12. Clickhouse vs dbt
#####################

Status
******

Accepted

Context
*******

Most of the use cases for Aspects require complex transformations to be performed on the data stored in
:ref:`clickhouse` before it can be displayed in :ref:`superset`. While :ref:`xapi-concepts` is a good format for
communicating learning-related events as they happen, it's not the best format for understanding the effect of these
events over time.  In order to analyse and draw conclusions for what these events signify over time, Aspects needs
efficient views of the data that are designed specifically for the queries being performed.

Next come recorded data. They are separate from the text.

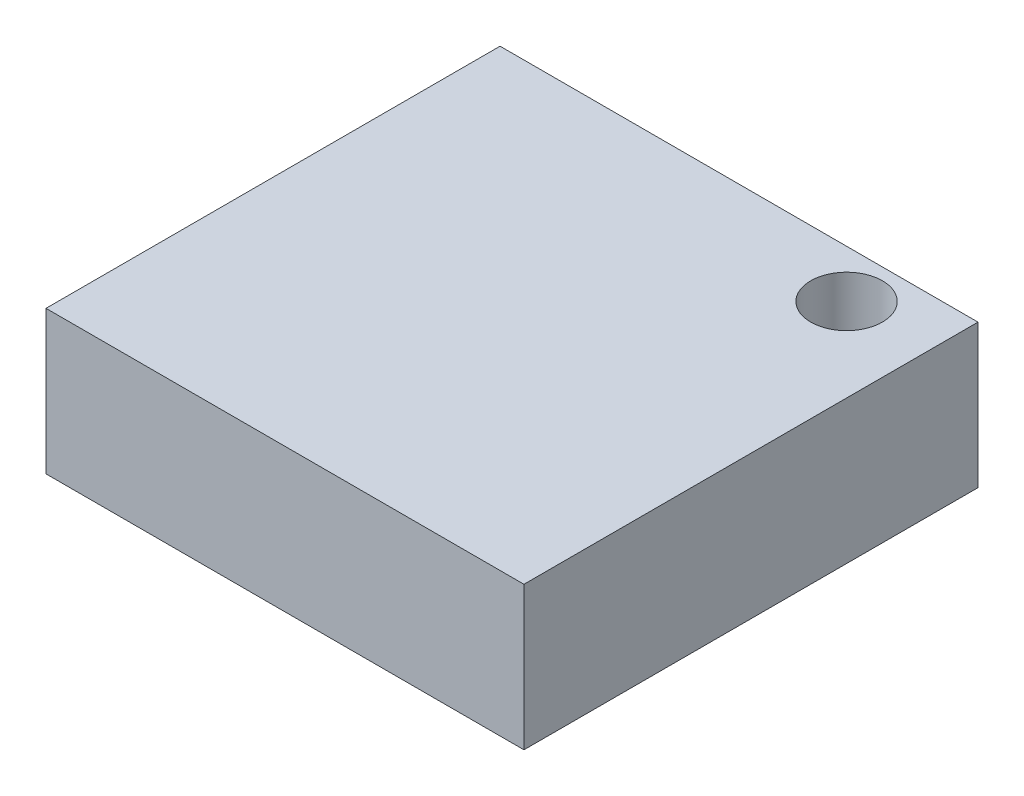
SolidWorks part; units mm, degrees
ref_plane "Plan de face" through (0, 0, 0) normal (0, 0, 1) x (1, 0, 0)
ref_plane "Plan de dessus" through (0, 0, 0) normal (0, 1, 0) x (1, 0, 0)
ref_plane "Plan de droite" through (0, 0, 0) normal (1, 0, 0) x (0, 0, -1)
sketch "Esquisse1" plane through (0, 0, 0) normal (0, 1, 0) x (1, 0, 0)
  line L1 (0, 0) -> (20, 0)
  line L2 (0, 0) -> (0, 19)
  line L3 (0, 19) -> (20, 19)
  line L4 (20, 0) -> (20, 19)
  dimension "D1" = 20
  dimension "D2" = 19
extrude "Boss.-Extru.1" add sketch "Esquisse1" along normal blind 6
sketch "Esquisse2" plane through (0, 6, 0) normal (0, 1, 0) x (1, 0, 0)
  line L0 (20, 19) -> (0, 19) construction
  line L1 (20, 0) -> (20, 19) construction
  circle A0 centre (16.5, 17) radius 1.5
  dimension "D1" = 3
  dimension "D2" = 2
  dimension "D3" = 3.5
extrude "Enlèv. mat.-Extru.1" cut sketch "Esquisse2" against normal blind 6
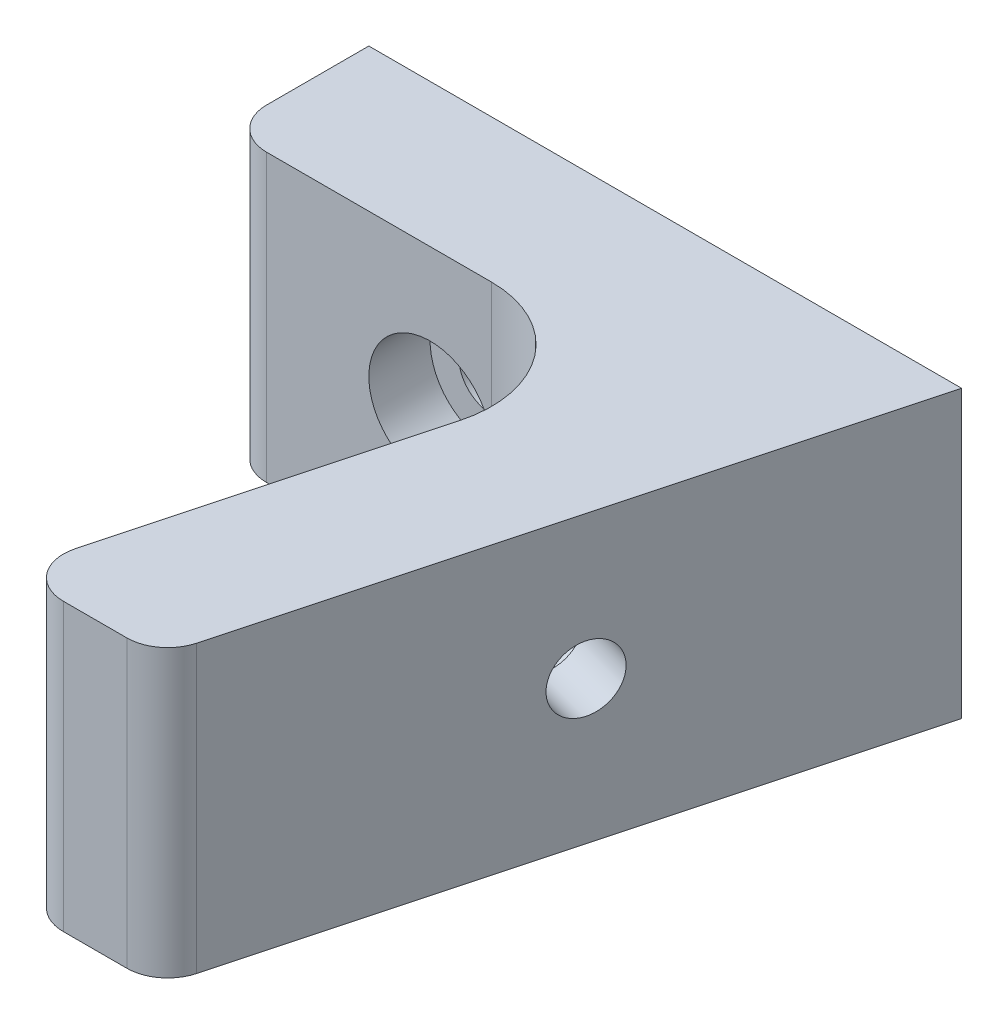
SolidWorks part; units mm, degrees
material "ABS"
ref_plane "Front" through (0, 0, 0) normal (0, 0, 1) x (1, 0, 0)
ref_plane "Top" through (0, 0, 0) normal (0, 1, 0) x (1, 0, 0)
ref_plane "Right" through (0, 0, 0) normal (1, 0, 0) x (0, 0, -1)
sketch "Esquisse1" plane through (0, 0, 0) normal (0, 1, 0) x (1, 0, 0)
  line L0 (-10, 0) -> (-10, -7)
  line L1 (-10, 0) -> (19, 0)
  line L3 (3.4466, -31) -> (10.6936, -31)
  line L4 (19, 0) -> (10.6936, -31)
  line L5 (-10, -7) -> (3, -7)
  line L6 (8.0974, -13.6431) -> (3.4466, -31)
  arc A0 (3, -7) -> (8.0974, -13.6431) centre (3, -12.2772) cw
  dimension "D5" = 3
  dimension "D1" = 10
  dimension "D2" = 19
  dimension "D3" = 75
  dimension "D4" = 31
  dimension "D6" = 7
  dimension "D7" = 7
extrude "Boss.-Extru.1" add sketch "Esquisse1" along normal mid plane 14
hole_wizard "Chambrage pour vis à tête cylindrique à 6 pans creux (ou vis CHC) M31" positions "Esquisse3" profile "Esquisse4" counterbore size "M3" standard "Ansi Metric" end condition through all
sketch "Esquisse3" plane through (0, 0, 7) normal (0, 0, 1) x (1, 0, 0)
  point P0 (0, 0)
sketch "Esquisse4" plane through (0, 0, 7) normal (1, 0, 0) x (0, -1, 0)
  line L0 (0, 0) -> (0, 7)
  line L1 (0, 7) -> (1.6, 7)
  line L3 (1.6, 7) -> (1.6, 3)
  line L4 (1.6, 3) -> (3, 3)
  line L5 (3, 3) -> (3, 0)
  line L7 (3, 0) -> (0, 0)
  line L11 (0, -6.35) -> (0, 107.95) construction
  dimension "Diamètre du perçage jusqu'au prochain" = 3.2
  dimension "Profondeur du perçage jusqu'au prochain" = 7
  dimension "Diamètre du chambrage" = 6
  dimension "Profondeur du chambrage" = 3
fillet "Congé1" radius 2 3 edges at (10.6936, 0, 31) (-10, 0, 7) (3.4466, 0, 31)
sketch "Esquisse5" plane through (17.7272, 0, 4.75) normal (0.9659, 0, 0.2588) x (0.2588, 0, -0.9659)
  line L0 (4.9176, 7) -> (4.9176, -7) construction
  circle A0 centre (-10.0824, 0) radius 1.6
  point P2 (-3.8281, 0)
  point P5 (0, 0)
  dimension "D1" = 3.2
  dimension "D2" = 15
extrude "Enlèv. mat.-Extru.1" cut sketch "Esquisse5" against normal blind 10
sketch "Esquisse6" plane through (17.7272, 0, 4.75) normal (0.9659, 0, 0.2588) x (0.2588, 0, -0.9659)
  line L1 (-7.3324, 1.5877) -> (-10.0824, 3.1754)
  line L2 (-10.0824, 3.1754) -> (-12.8324, 1.5877)
  line L3 (-12.8324, 1.5877) -> (-12.8324, -1.5877)
  line L4 (-12.8324, -1.5877) -> (-10.0824, -3.1754)
  line L5 (-10.0824, -3.1754) -> (-7.3324, -1.5877)
  line L6 (-7.3324, -1.5877) -> (-7.3324, 1.5877)
  circle A0 centre (-10.0824, 0) radius 2.75 construction
  dimension "D1" = 5.5
extrude "Enlèv. mat.-Extru.2" cut sketch "Esquisse6" against normal blind 7 from offset 3

:ref:`clickhouse` provides some features for transforming complex data, but creating efficient views and managing schema
changes over time can be difficult. Plus, some of these features (like named collections) are not available on all
hosted :ref:`clickhouse` services.

This ADR describes the division of responsibilities in Aspects between the :ref:`clickhouse` database and :ref:`dbt`, a
data transformation tool.

Decision
********

**Store in Clickhouse, transform with dbt**

Raw event and event sink data tables should continue to be created using :ref:`clickhouse-migrations`.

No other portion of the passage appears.